The .zip for each pipes plugin is the runtime drop-in form: unzip into <server>/plugins/<plugin-name>/ and pf4j discovers it at startup. That’s an Apache dist artifact, not a Maven artifact.

The plugin’s jar is on Maven Central for users building atop the plugin API or embedding it programmatically.

Mechanism: maven-assembly-plugin with <attach>false</attach> in each plugin pom (TIKA-4723). Because <attach>false</attach> also skips the local-repo install, each plugin pom additionally runs maven-install-plugin:install-file during the install phase, writing the zip into the local repo at canonical coordinates (<groupId>:<artifactId>:zip:<version>). Sibling modules (tika-pipes-fork-parser, tika-server-*, tika-grpc, integration tests) declare the zip as a test-scope Maven dep and rely on this mechanism to resolve it from the local repo without ever publishing it to Central.

tika-grpc

tika-grpc is a standalone gRPC server, parallel to tika-server — not built on top of tika-server-core. It depends directly on tika-core and the parser modules (via tika-parsers-standard-package).

Maven Central gets the slim tika-grpc.jar for users embedding the gRPC server in a Maven build. Apache dist publishes nothing for tika-grpc.
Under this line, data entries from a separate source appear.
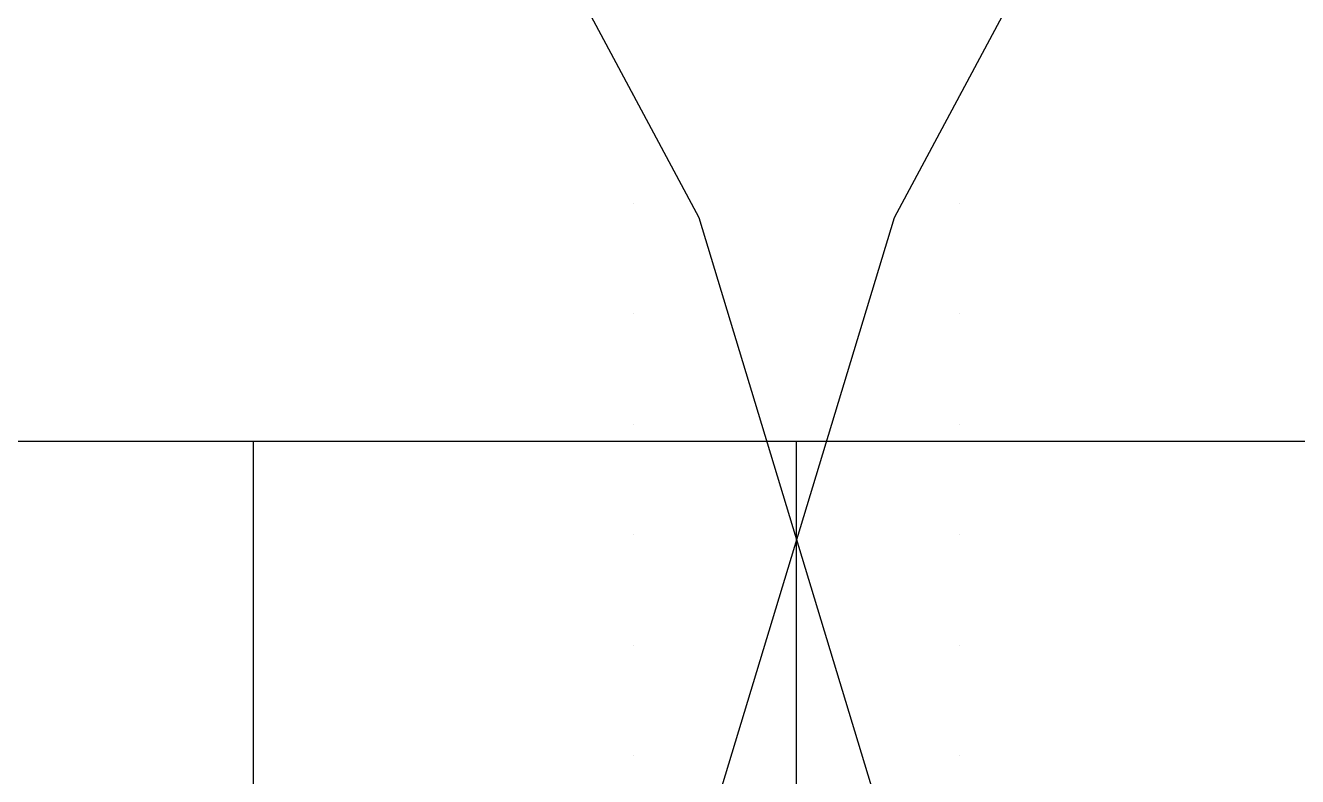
# Model space of a CAD drawing. Header units: metres. Extents: x -61500 to 61500, y -31500 to 31500.
# Drawn here: x -7099 to 4612, y 6914 to 13827 of the extents above; entities that cross this region are included whole.
import ezdxf

# ---------------------------------------------------------------- set-up
doc = ezdxf.new("R2010")
doc.units = ezdxf.units.M
for name, color, linetype in [('BEAMS_T1', 1, 'Continuous'), ('BEAMS_T2', 1, 'Continuous'), ('COLUMNS_T1', 5, 'Continuous'), ('COLUMNS_T2', 5, 'Continuous'), ('SKYBRIDGE', 3, 'Continuous')]:
    doc.layers.add(name, color=color, linetype=linetype)

msp = doc.modelspace()

# ---------------------------------------------------------------- linework, layer by layer
at = {"layer": 'BEAMS_T1'}
for p, q in [((-898, 12055, 18955), (-3809, 17500, 18955)), ((-898, 12055, 37909), (-3809, 17500, 37909)), ((-898, 12055, 56864), (-3809, 17500, 56864)), ((-898, 12055, 75818), (-3809, 17500, 75818)), ((-898, 12055, 94773), (-3809, 17500, 94773)), ((-898, 12055, 113727), (-3809, 17500, 113727)), ((-898, 12055, 132682), (-3809, 17500, 132682)), ((-898, 12055, 151636), (-3809, 17500, 151636)), ((-898, 12055, 170591), (-3809, 17500, 170591)), ((-898, 12055, 189545), (-3809, 17500, 189545)), ((-898, 12055, 208500), (-3809, 17500, 208500)), ((-898, 12055, 227455), (-3809, 17500, 227455)), ((-898, 12055, 246409), (-3809, 17500, 246409)), ((-898, 12055, 265364), (-3809, 17500, 265364)), ((-898, 12055, 284318), (-3809, 17500, 284318)), ((-898, 12055, 303273), (-3809, 17500, 303273)), ((-898, 12055, 322227), (-3809, 17500, 322227)), ((-898, 12055, 341182), (-3809, 17500, 341182)), ((-898, 12055, 360136), (-3809, 17500, 360136)), ((-898, 12055, 379091), (-3809, 17500, 379091)), ((-898, 12055, 398045), (-3809, 17500, 398045)), ((895, 6145, 18955), (-898, 12055, 18955)), ((895, 6145, 37909), (-898, 12055, 37909)), ((895, 6145, 56864), (-898, 12055, 56864)), ((895, 6145, 75818), (-898, 12055, 75818)), ((895, 6145, 94773), (-898, 12055, 94773)), ((895, 6145, 113727), (-898, 12055, 113727)), ((895, 6145, 132682), (-898, 12055, 132682)), ((895, 6145, 151636), (-898, 12055, 151636)), ((895, 6145, 170591), (-898, 12055, 170591)), ((895, 6145, 189545), (-898, 12055, 189545)), ((895, 6145, 208500), (-898, 12055, 208500)), ((895, 6145, 227455), (-898, 12055, 227455)), ((895, 6145, 246409), (-898, 12055, 246409)), ((895, 6145, 265364), (-898, 12055, 265364)), ((895, 6145, 284318), (-898, 12055, 284318)), ((895, 6145, 303273), (-898, 12055, 303273)), ((895, 6145, 322227), (-898, 12055, 322227)), ((895, 6145, 341182), (-898, 12055, 341182)), ((895, 6145, 360136), (-898, 12055, 360136)), ((895, 6145, 379091), (-898, 12055, 379091)), ((895, 6145, 398045), (-898, 12055, 398045))]:
    msp.add_line(p, q, dxfattribs=at)
at = {"layer": 'BEAMS_T2'}
for p, q in [((3809, 17500, 18955), (898, 12055, 18955)), ((3809, 17500, 37909), (898, 12055, 37909)), ((3809, 17500, 56864), (898, 12055, 56864)), ((3809, 17500, 75818), (898, 12055, 75818)), ((3809, 17500, 94773), (898, 12055, 94773)), ((3809, 17500, 113727), (898, 12055, 113727)), ((3809, 17500, 132682), (898, 12055, 132682)), ((3809, 17500, 151636), (898, 12055, 151636)), ((3809, 17500, 170591), (898, 12055, 170591)), ((3809, 17500, 189545), (898, 12055, 189545)), ((3809, 17500, 208500), (898, 12055, 208500)), ((3809, 17500, 227455), (898, 12055, 227455)), ((3809, 17500, 246409), (898, 12055, 246409)), ((3809, 17500, 265364), (898, 12055, 265364)), ((3809, 17500, 284318), (898, 12055, 284318)), ((3809, 17500, 303273), (898, 12055, 303273)), ((3809, 17500, 322227), (898, 12055, 322227)), ((3809, 17500, 341182), (898, 12055, 341182)), ((3809, 17500, 360136), (898, 12055, 360136)), ((3809, 17500, 379091), (898, 12055, 379091)), ((3809, 17500, 398045), (898, 12055, 398045)), ((898, 12055, 18955), (-895, 6145, 18955)), ((898, 12055, 37909), (-895, 6145, 37909)), ((898, 12055, 56864), (-895, 6145, 56864)), ((898, 12055, 75818), (-895, 6145, 75818)), ((898, 12055, 94773), (-895, 6145, 94773)), ((898, 12055, 113727), (-895, 6145, 113727)), ((898, 12055, 132682), (-895, 6145, 132682)), ((898, 12055, 151636), (-895, 6145, 151636)), ((898, 12055, 170591), (-895, 6145, 170591)), ((898, 12055, 189545), (-895, 6145, 189545)), ((898, 12055, 208500), (-895, 6145, 208500)), ((898, 12055, 227455), (-895, 6145, 227455)), ((898, 12055, 246409), (-895, 6145, 246409)), ((898, 12055, 265364), (-895, 6145, 265364)), ((898, 12055, 284318), (-895, 6145, 284318)), ((898, 12055, 303273), (-895, 6145, 303273)), ((898, 12055, 322227), (-895, 6145, 322227)), ((898, 12055, 341182), (-895, 6145, 341182)), ((898, 12055, 360136), (-895, 6145, 360136)), ((898, 12055, 379091), (-895, 6145, 379091)), ((898, 12055, 398045), (-895, 6145, 398045))]:
    msp.add_line(p, q, dxfattribs=at)
at = {"layer": 'COLUMNS_T1'}
for p, q in [((1500, 13204), (1500, 13204, 11373)), ((1500, 13204, 11373), (1500, 13204, 22745)), ((1500, 13204, 22745), (1500, 13204, 34118)), ((1500, 13204, 34118), (1500, 13204, 45491)), ((1500, 13204, 45491), (1500, 13204, 56864)), ((1500, 13204, 56864), (1500, 13204, 68236)), ((1500, 13204, 68236), (1500, 13204, 79609)), ((1500, 13204, 79609), (1500, 13204, 90982)), ((1500, 13204, 90982), (1500, 13204, 102355)), ((1500, 13204, 102355), (1500, 13204, 113727)), ((1500, 13204, 113727), (1500, 13204, 125100)), ((1500, 13204, 125100), (1500, 13204, 136473)), ((1500, 13204, 136473), (1500, 13204, 147845)), ((1500, 13204, 147845), (1500, 13204, 159218)), ((1500, 13204, 159218), (1500, 13204, 170591)), ((1500, 13204, 170591), (1500, 13204, 181964)), ((1500, 13204, 181964), (1500, 13204, 193336)), ((1500, 13204, 193336), (1500, 13204, 204709)), ((1500, 13204, 204709), (1500, 13204, 216082)), ((1500, 13204, 216082), (1500, 13204, 227455)), ((1500, 13204, 227455), (1500, 13204, 238827)), ((1500, 13204, 238827), (1500, 13204, 250200)), ((1500, 13204, 250200), (1500, 13204, 261573)), ((1500, 13204, 261573), (1500, 13204, 272945)), ((1500, 13204, 272945), (1500, 13204, 284318)), ((1500, 13204, 284318), (1500, 13204, 295691)), ((1500, 13204, 295691), (1500, 13204, 307064)), ((1500, 13204, 307064), (1500, 13204, 318436)), ((1500, 13204, 318436), (1500, 13204, 329809)), ((1500, 13204, 329809), (1500, 13204, 341182)), ((1500, 13204, 341182), (1500, 13204, 352555)), ((1500, 13204, 352555), (1500, 13204, 363927)), ((1500, 13204, 363927), (1500, 13204, 375300)), ((1500, 13204, 375300), (1500, 13204, 386673)), ((1500, 13204, 386673), (1500, 13204, 398045)), ((1500, 13204, 398045), (1500, 13204, 409418)), ((1500, 12188), (1500, 12188, 11373)), ((1500, 12188, 11373), (1500, 12188, 22745)), ((1500, 12188, 22745), (1500, 12188, 34118)), ((1500, 12188, 34118), (1500, 12188, 45491)), ((1500, 12188, 45491), (1500, 12188, 56864)), ((1500, 12188, 56864), (1500, 12188, 68236)), ((1500, 12188, 68236), (1500, 12188, 79609)), ((1500, 12188, 79609), (1500, 12188, 90982)), ((1500, 12188, 90982), (1500, 12188, 102355)), ((1500, 12188, 102355), (1500, 12188, 113727)), ((1500, 12188, 113727), (1500, 12188, 125100)), ((1500, 12188, 125100), (1500, 12188, 136473)), ((1500, 12188, 136473), (1500, 12188, 147845)), ((1500, 12188, 147845), (1500, 12188, 159218)), ((1500, 12188, 159218), (1500, 12188, 170591)), ((1500, 12188, 170591), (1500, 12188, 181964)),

Users either pull apache/tika-grpc from Docker Hub or add tika-grpc as a Maven dep.

The Docker image is built by the release workflow from a -Pdocker Maven invocation that produces a runnable layout (jar + deps + bundled plugins) locally; that build output is the build context for the apache/tika-grpc image and isn’t published as a release artifact in its own right.

tika-grpc expects pf4j plugins for full functionality; starting without plugins logs a warning with a download URL pointing at Apache dist. Most fetcher-dependent RPC calls will fail at runtime if no plugins are present.

Server: slim jar on Central, bin.zip on dist

tika-server-standard-<v>.jar is the slim runtime jar — its manifest declares Class-Path: lib/ and it expects to be run from a directory that also contains a populated lib/ (and plugins/). Standalone the slim jar can’t run. Maven Central publishes it for embedders who’ll resolve lib/ via Maven dep resolution.

tika-server-standard-<v>.zip is the full assembled distribution: the slim jar + lib/ + the bundled tika-pipes-file-system plugin + a startup script. Apache dist publishes this for sysadmins who want unzip + java -jar.

The 4.0.0-alpha-1 release published both on dist; 4.x onwards drops the slim jar from dist (only on Central) and drops the -bin.tgz variant (.zip is universally readable). 4.x also drops the legacy -bin classifier, so the full distribution is tika-server-standard-<v>.zip, consistent with tika-app, tika-eval-app, and the pipes plugins.

App / eval-app

Same pattern as the parser packages — Central gets the slim jar (Maven consumers); dist gets the assembled zip with deps under lib/.

Where this is configured in the source tree

The Apache dist staging include list: pom.xml, apache-release profile, the <copy> step inside the antrun task (look for tika-app near the top). One <include> line per artifact pattern. The tika-pipes-plugins//target/-shaded.jar* and similar globs cover the sets.

Per-module shaping: each module’s pom decides what shape its target/ produces (assembly with <attach>false</attach> for plugin zips and app zips; shade with outputFile + <shadedArtifactAttached>false</shadedArtifactAttached> for parser packages).

Maven Central deployment: happens via mvn deploy (or mvn release:perform). Any artifact that’s attached to the Maven project gets uploaded. The whole point of the <attach>false</attach> / <shadedArtifactAttached>false</shadedArtifactAttached> pattern is to keep the fat distribution shapes off Central without disrupting the build process.

Docker image contents: .github/workflows/docker-release.yml (the release publish workflow). The release-tika-grpc job currently assembles a custom build context from per-module outputs ( dependency:copy-dependencies, per-plugin cp, parser-package cp). The release-tika-server job builds from tika-server-standard-<v>.zip (unpacked into /opt/tika-server/).